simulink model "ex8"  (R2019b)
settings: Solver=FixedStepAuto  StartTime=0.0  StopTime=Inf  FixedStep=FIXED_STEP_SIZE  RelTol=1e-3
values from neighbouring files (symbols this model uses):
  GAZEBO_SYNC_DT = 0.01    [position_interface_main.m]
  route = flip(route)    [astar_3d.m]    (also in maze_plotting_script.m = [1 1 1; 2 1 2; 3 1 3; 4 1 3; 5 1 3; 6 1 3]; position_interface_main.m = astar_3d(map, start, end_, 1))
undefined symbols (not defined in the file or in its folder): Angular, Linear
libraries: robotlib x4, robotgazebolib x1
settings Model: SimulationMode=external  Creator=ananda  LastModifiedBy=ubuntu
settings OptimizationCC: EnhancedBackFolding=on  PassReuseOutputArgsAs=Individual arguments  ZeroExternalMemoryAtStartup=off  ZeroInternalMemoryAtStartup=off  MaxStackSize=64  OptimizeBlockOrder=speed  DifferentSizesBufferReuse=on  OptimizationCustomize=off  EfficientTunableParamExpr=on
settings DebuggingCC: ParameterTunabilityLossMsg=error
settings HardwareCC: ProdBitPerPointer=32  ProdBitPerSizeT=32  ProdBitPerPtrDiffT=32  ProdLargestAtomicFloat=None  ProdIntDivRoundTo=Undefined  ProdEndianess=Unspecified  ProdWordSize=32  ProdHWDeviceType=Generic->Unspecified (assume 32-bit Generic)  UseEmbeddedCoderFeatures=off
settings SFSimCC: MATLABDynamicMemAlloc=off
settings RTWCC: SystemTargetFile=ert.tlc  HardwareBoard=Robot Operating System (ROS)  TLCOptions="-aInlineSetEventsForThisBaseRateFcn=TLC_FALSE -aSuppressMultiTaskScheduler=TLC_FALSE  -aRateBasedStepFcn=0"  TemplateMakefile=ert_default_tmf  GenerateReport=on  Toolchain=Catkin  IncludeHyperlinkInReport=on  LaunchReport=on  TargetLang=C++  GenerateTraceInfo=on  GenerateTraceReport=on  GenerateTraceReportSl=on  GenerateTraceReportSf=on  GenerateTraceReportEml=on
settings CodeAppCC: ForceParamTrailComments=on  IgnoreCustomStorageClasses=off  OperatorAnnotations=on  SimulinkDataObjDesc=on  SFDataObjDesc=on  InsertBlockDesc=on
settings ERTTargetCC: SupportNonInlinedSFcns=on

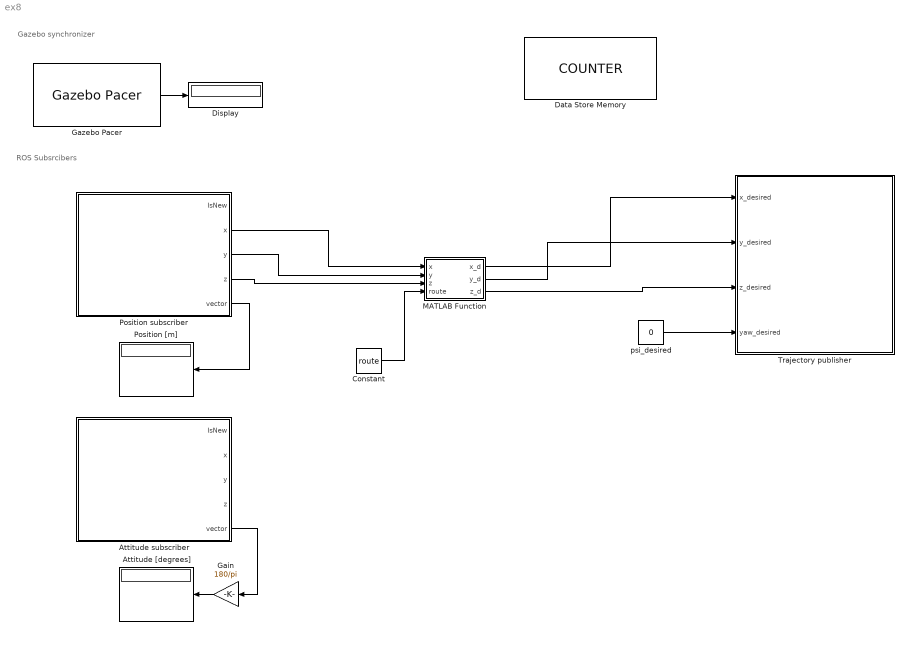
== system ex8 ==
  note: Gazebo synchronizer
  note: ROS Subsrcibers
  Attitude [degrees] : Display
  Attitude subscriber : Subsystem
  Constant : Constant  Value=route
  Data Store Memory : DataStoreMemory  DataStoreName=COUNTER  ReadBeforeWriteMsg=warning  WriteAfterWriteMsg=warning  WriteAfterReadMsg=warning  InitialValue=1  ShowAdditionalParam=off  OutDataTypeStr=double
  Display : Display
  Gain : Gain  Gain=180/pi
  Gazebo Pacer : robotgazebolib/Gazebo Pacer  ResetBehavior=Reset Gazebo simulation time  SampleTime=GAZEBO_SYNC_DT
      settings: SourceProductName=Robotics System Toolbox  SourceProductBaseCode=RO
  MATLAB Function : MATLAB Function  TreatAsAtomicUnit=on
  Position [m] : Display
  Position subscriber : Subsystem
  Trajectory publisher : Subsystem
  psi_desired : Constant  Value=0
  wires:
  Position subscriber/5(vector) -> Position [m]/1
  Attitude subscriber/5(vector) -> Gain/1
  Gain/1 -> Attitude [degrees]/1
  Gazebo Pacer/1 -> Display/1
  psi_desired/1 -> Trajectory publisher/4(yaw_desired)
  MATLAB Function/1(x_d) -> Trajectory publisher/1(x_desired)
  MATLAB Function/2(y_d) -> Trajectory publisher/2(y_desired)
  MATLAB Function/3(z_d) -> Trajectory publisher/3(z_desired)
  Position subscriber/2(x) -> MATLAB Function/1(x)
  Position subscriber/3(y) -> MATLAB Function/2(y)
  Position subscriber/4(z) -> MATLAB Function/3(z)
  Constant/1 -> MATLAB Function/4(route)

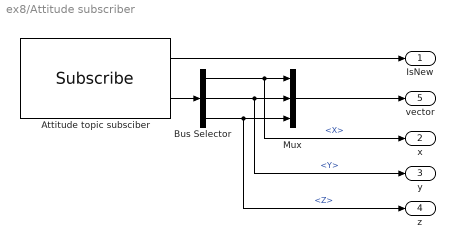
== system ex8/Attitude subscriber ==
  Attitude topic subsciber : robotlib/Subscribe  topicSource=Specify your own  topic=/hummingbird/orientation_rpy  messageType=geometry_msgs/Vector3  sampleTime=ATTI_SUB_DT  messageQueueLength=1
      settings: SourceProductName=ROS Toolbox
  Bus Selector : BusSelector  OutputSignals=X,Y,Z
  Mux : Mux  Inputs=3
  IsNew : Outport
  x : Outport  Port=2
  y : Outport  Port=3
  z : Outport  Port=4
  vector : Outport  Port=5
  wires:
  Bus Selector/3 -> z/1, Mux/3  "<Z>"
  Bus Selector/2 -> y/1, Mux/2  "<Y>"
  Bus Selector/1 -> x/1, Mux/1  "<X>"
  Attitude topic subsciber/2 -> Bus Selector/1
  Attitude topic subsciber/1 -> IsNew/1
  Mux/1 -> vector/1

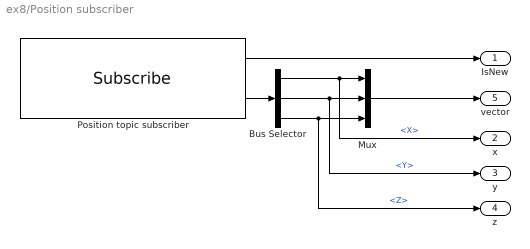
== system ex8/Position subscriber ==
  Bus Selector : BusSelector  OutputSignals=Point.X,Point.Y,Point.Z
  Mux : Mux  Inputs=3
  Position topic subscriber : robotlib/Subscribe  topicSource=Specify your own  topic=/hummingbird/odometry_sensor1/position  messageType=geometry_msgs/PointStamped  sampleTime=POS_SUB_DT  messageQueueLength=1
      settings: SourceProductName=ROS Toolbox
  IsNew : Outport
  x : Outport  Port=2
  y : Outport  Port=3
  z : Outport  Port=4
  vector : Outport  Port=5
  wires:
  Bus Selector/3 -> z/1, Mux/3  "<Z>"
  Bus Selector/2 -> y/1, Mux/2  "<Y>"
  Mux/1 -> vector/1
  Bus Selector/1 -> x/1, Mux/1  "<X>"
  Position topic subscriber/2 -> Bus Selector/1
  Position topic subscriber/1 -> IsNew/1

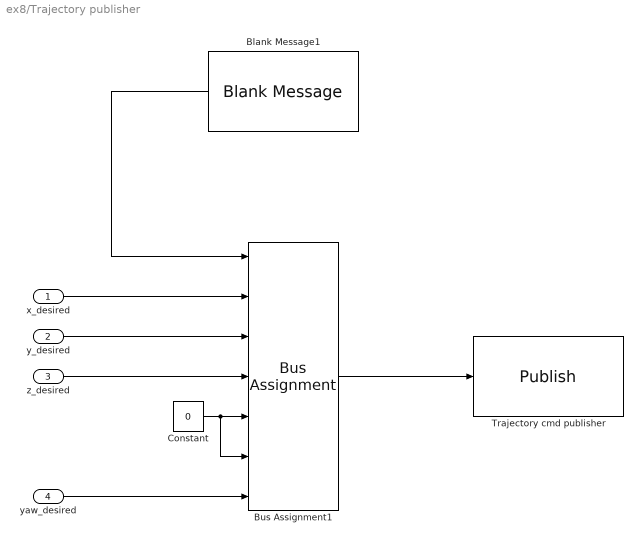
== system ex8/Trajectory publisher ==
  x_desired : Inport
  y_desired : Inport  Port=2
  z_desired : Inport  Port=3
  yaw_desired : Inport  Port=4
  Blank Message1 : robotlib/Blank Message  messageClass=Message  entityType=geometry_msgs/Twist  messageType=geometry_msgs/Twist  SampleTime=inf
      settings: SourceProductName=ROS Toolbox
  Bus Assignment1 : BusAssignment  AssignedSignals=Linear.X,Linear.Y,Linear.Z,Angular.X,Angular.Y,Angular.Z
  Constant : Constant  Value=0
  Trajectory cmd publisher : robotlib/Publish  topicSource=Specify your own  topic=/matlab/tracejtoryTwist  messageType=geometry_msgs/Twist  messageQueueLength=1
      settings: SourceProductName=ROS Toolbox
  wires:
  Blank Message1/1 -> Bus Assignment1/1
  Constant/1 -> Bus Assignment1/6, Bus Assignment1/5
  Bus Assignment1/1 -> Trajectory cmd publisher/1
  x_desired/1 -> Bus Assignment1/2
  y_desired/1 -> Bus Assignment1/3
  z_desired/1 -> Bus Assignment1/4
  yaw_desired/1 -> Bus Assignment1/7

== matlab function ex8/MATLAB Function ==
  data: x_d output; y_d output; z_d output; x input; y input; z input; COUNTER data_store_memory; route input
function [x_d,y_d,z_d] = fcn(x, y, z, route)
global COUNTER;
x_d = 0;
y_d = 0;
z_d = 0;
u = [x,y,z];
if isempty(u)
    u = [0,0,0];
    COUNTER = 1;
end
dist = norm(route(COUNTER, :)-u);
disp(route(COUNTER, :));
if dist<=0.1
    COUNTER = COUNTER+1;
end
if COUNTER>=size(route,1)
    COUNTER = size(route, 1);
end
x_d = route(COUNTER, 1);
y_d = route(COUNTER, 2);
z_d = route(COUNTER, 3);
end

◆ ◆ ◆ ◆ ◆

Skipping all images, print the data above a second time exactly.

simulink model "ex8"  (R2019b)
settings: Solver=FixedStepAuto  StartTime=0.0  StopTime=Inf  FixedStep=FIXED_STEP_SIZE  RelTol=1e-3
values from neighbouring files (symbols this model uses):
  GAZEBO_SYNC_DT = 0.01    [position_interface_main.m]
  route = flip(route)    [astar_3d.m]    (also in maze_plotting_script.m = [1 1 1; 2 1 2; 3 1 3; 4 1 3; 5 1 3; 6 1 3]; position_interface_main.m = astar_3d(map, start, end_, 1))
undefined symbols (not defined in the file or in its folder): Angular, Linear
libraries: robotlib x4, robotgazebolib x1
settings Model: SimulationMode=external  Creator=ananda  LastModifiedBy=ubuntu
settings OptimizationCC: EnhancedBackFolding=on  PassReuseOutputArgsAs=Individual arguments  ZeroExternalMemoryAtStartup=off  ZeroInternalMemoryAtStartup=off  MaxStackSize=64  OptimizeBlockOrder=speed  DifferentSizesBufferReuse=on  OptimizationCustomize=off  EfficientTunableParamExpr=on
settings DebuggingCC: ParameterTunabilityLossMsg=error
settings HardwareCC: ProdBitPerPointer=32  ProdBitPerSizeT=32  ProdBitPerPtrDiffT=32  ProdLargestAtomicFloat=None  ProdIntDivRoundTo=Undefined  ProdEndianess=Unspecified  ProdWordSize=32  ProdHWDeviceType=Generic->Unspecified (assume 32-bit Generic)  UseEmbeddedCoderFeatures=off
settings SFSimCC: MATLABDynamicMemAlloc=off
settings RTWCC: SystemTargetFile=ert.tlc  HardwareBoard=Robot Operating System (ROS)  TLCOptions="-aInlineSetEventsForThisBaseRateFcn=TLC_FALSE -aSuppressMultiTaskScheduler=TLC_FALSE  -aRateBasedStepFcn=0"  TemplateMakefile=ert_default_tmf  GenerateReport=on  Toolchain=Catkin  IncludeHyperlinkInReport=on  LaunchReport=on  TargetLang=C++  GenerateTraceInfo=on  GenerateTraceReport=on  GenerateTraceReportSl=on  GenerateTraceReportSf=on  GenerateTraceReportEml=on
settings CodeAppCC: ForceParamTrailComments=on  IgnoreCustomStorageClasses=off  OperatorAnnotations=on  SimulinkDataObjDesc=on  SFDataObjDesc=on  InsertBlockDesc=on
settings ERTTargetCC: SupportNonInlinedSFcns=on

== system ex8 ==
  note: Gazebo synchronizer
  note: ROS Subsrcibers
  Attitude [degrees] : Display
  Attitude subscriber : Subsystem
  Constant : Constant  Value=route
  Data Store Memory : DataStoreMemory  DataStoreName=COUNTER  ReadBeforeWriteMsg=warning  WriteAfterWriteMsg=warning  WriteAfterReadMsg=warning  InitialValue=1  ShowAdditionalParam=off  OutDataTypeStr=double
  Display : Display
  Gain : Gain  Gain=180/pi
  Gazebo Pacer : robotgazebolib/Gazebo Pacer  ResetBehavior=Reset Gazebo simulation time  SampleTime=GAZEBO_SYNC_DT
      settings: SourceProductName=Robotics System Toolbox  SourceProductBaseCode=RO
  MATLAB Function : MATLAB Function  TreatAsAtomicUnit=on
  Position [m] : Display
  Position subscriber : Subsystem
  Trajectory publisher : Subsystem
  psi_desired : Constant  Value=0
  wires:
  Position subscriber/5(vector) -> Position [m]/1
  Attitude subscriber/5(vector) -> Gain/1
  Gain/1 -> Attitude [degrees]/1
  Gazebo Pacer/1 -> Display/1
  psi_desired/1 -> Trajectory publisher/4(yaw_desired)
  MATLAB Function/1(x_d) -> Trajectory publisher/1(x_desired)
  MATLAB Function/2(y_d) -> Trajectory publisher/2(y_desired)
  MATLAB Function/3(z_d) -> Trajectory publisher/3(z_desired)
  Position subscriber/2(x) -> MATLAB Function/1(x)
  Position subscriber/3(y) -> MATLAB Function/2(y)
  Position subscriber/4(z) -> MATLAB Function/3(z)
  Constant/1 -> MATLAB Function/4(route)

== system ex8/Attitude subscriber ==
  Attitude topic subsciber : robotlib/Subscribe  topicSource=Specify your own  topic=/hummingbird/orientation_rpy  messageType=geometry_msgs/Vector3  sampleTime=ATTI_SUB_DT  messageQueueLength=1
      settings: SourceProductName=ROS Toolbox
  Bus Selector : BusSelector  OutputSignals=X,Y,Z
  Mux : Mux  Inputs=3
  IsNew : Outport
  x : Outport  Port=2
  y : Outport  Port=3
  z : Outport  Port=4
  vector : Outport  Port=5
  wires:
  Bus Selector/3 -> z/1, Mux/3  "<Z>"
  Bus Selector/2 -> y/1, Mux/2  "<Y>"
  Bus Selector/1 -> x/1, Mux/1  "<X>"
  Attitude topic subsciber/2 -> Bus Selector/1
  Attitude topic subsciber/1 -> IsNew/1
  Mux/1 -> vector/1

== system ex8/Position subscriber ==
  Bus Selector : BusSelector  OutputSignals=Point.X,Point.Y,Point.Z
  Mux : Mux  Inputs=3
  Position topic subscriber : robotlib/Subscribe  topicSource=Specify your own  topic=/hummingbird/odometry_sensor1/position  messageType=geometry_msgs/PointStamped  sampleTime=POS_SUB_DT  messageQueueLength=1
      settings: SourceProductName=ROS Toolbox
  IsNew : Outport
  x : Outport  Port=2
  y : Outport  Port=3
  z : Outport  Port=4
  vector : Outport  Port=5
  wires:
  Bus Selector/3 -> z/1, Mux/3  "<Z>"
  Bus Selector/2 -> y/1, Mux/2  "<Y>"
  Mux/1 -> vector/1
  Bus Selector/1 -> x/1, Mux/1  "<X>"
  Position topic subscriber/2 -> Bus Selector/1
  Position topic subscriber/1 -> IsNew/1

== system ex8/Trajectory publisher ==
  x_desired : Inport
  y_desired : Inport  Port=2
  z_desired : Inport  Port=3
  yaw_desired : Inport  Port=4
  Blank Message1 : robotlib/Blank Message  messageClass=Message  entityType=geometry_msgs/Twist  messageType=geometry_msgs/Twist  SampleTime=inf
      settings: SourceProductName=ROS Toolbox
  Bus Assignment1 : BusAssignment  AssignedSignals=Linear.X,Linear.Y,Linear.Z,Angular.X,Angular.Y,Angular.Z
  Constant : Constant  Value=0
  Trajectory cmd publisher : robotlib/Publish  topicSource=Specify your own  topic=/matlab/tracejtoryTwist  messageType=geometry_msgs/Twist  messageQueueLength=1
      settings: SourceProductName=ROS Toolbox
  wires:
  Blank Message1/1 -> Bus Assignment1/1
  Constant/1 -> Bus Assignment1/6, Bus Assignment1/5
  Bus Assignment1/1 -> Trajectory cmd publisher/1
  x_desired/1 -> Bus Assignment1/2
  y_desired/1 -> Bus Assignment1/3
  z_desired/1 -> Bus Assignment1/4
  yaw_desired/1 -> Bus Assignment1/7

== matlab function ex8/MATLAB Function ==
  data: x_d output; y_d output; z_d output; x input; y input; z input; COUNTER data_store_memory; route input
function [x_d,y_d,z_d] = fcn(x, y, z, route)
global COUNTER;
x_d = 0;
y_d = 0;
z_d = 0;
u = [x,y,z];
if isempty(u)
    u = [0,0,0];
    COUNTER = 1;
end
dist = norm(route(COUNTER, :)-u);
disp(route(COUNTER, :));
if dist<=0.1
    COUNTER = COUNTER+1;
end
if COUNTER>=size(route,1)
    COUNTER = size(route, 1);
end
x_d = route(COUNTER, 1);
y_d = route(COUNTER, 2);
z_d = route(COUNTER, 3);
end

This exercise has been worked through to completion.